Triton Fused Ops

Domain language for the repository’s user-facing kernel families and its support tooling. This exists to keep architecture discussions anchored to the same concepts used in the README and docs.

Language

Kernel family: A user-facing fused operation provided by the repository, such as fused_rmsnorm_rope, fused_gated_mlp, or fp8_gemm. Avoid: operator, primitive, workload

Benchmarking: The repository tooling that verifies correctness, measures latency, and reports comparative results for a Kernel family. Avoid: tuning, profiling harness

Auto-Tuning: The repository tooling that searches configuration spaces and caches the lowest-latency configuration for a Kernel family or other Triton callable. Avoid: benchmarking, runtime optimizer

Performance metrics: Derived throughput and bandwidth numbers computed from latency plus problem-shape context for a Kernel family.
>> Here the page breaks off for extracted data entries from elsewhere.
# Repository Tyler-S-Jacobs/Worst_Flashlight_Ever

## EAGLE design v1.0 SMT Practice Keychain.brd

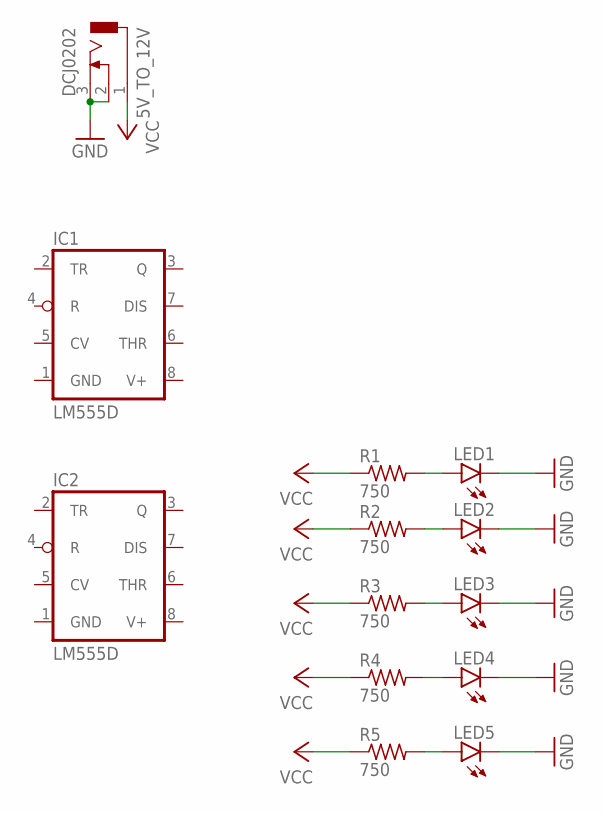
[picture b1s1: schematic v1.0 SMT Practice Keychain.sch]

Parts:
5V_TO_12V: DCJ0202
IC1, IC2: LM555D; SO08
LED1, LED2, LED3, LED4, LED5: LEDCHIPLED_1206; CHIPLED_1206
R1, R2, R3, R4, R5: 750; R1206

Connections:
GND: 5V_TO_12V.2, 5V_TO_12V.3, IC1.1 (GND), IC2.1 (GND), LED1.C, LED2.C, LED3.C, LED4.C, LED5.C
unnamed: LED1.A, R1.2
unnamed: LED2.A, R2.2
unnamed: LED3.A, R3.2
unnamed: LED4.A, R4.2
unnamed: LED5.A, R5.2
V+: IC1.8 (V+), IC2.8 (V+)
VCC: 5V_TO_12V.1, R1.1, R2.1, R3.1, R4.1, R5.1

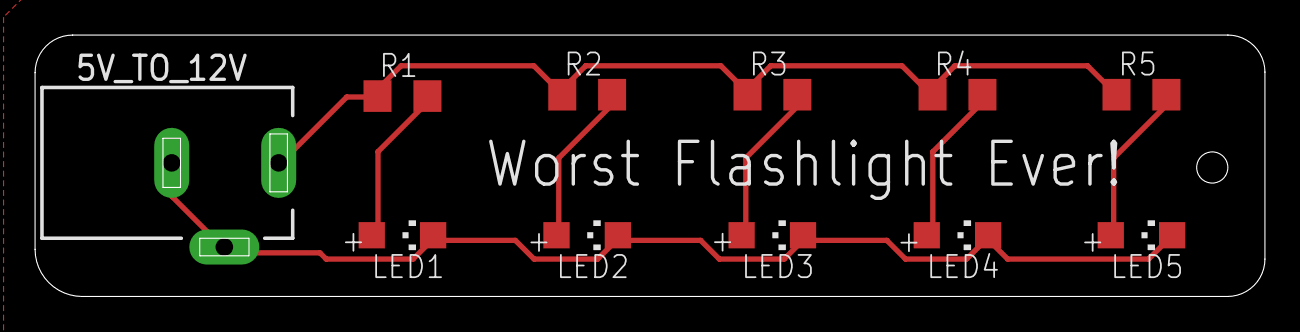
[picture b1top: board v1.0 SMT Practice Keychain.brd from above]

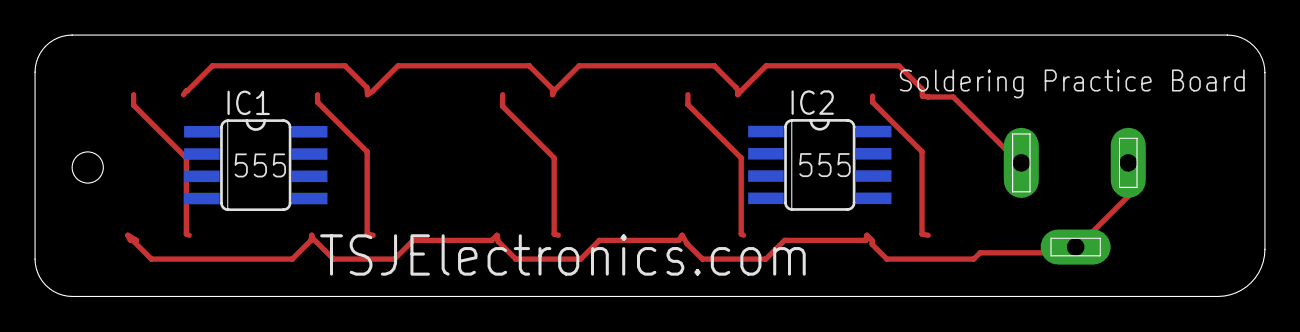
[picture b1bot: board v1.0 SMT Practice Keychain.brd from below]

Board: 2 copper layers, 70.1 x 14.9 mm, 13 parts (2 on the bottom side), 8 nets.

Avoid: tuning result, raw timing

Relationships

  • A Kernel family can be exercised by both Benchmarking and Auto-Tuning
  • Auto-Tuning selects configurations from latency measurements
  • Benchmarking reports Performance metrics
  • Performance metrics require problem-shape context in addition to latency

Example dialogue

Dev: “Should Auto-Tuning keep owning the throughput formulas for a Kernel family?” Domain expert: “No — Auto-Tuning owns latency-driven configuration search, while Performance metrics are shared support data that Benchmarking can report when it has shape context.”

Flagged ambiguities

  • “metrics” was being used for both raw latency from Auto-Tuning and derived Performance metrics — resolved: raw latency is part of tuning results, while throughput/bandwidth are Performance metrics that need shape context.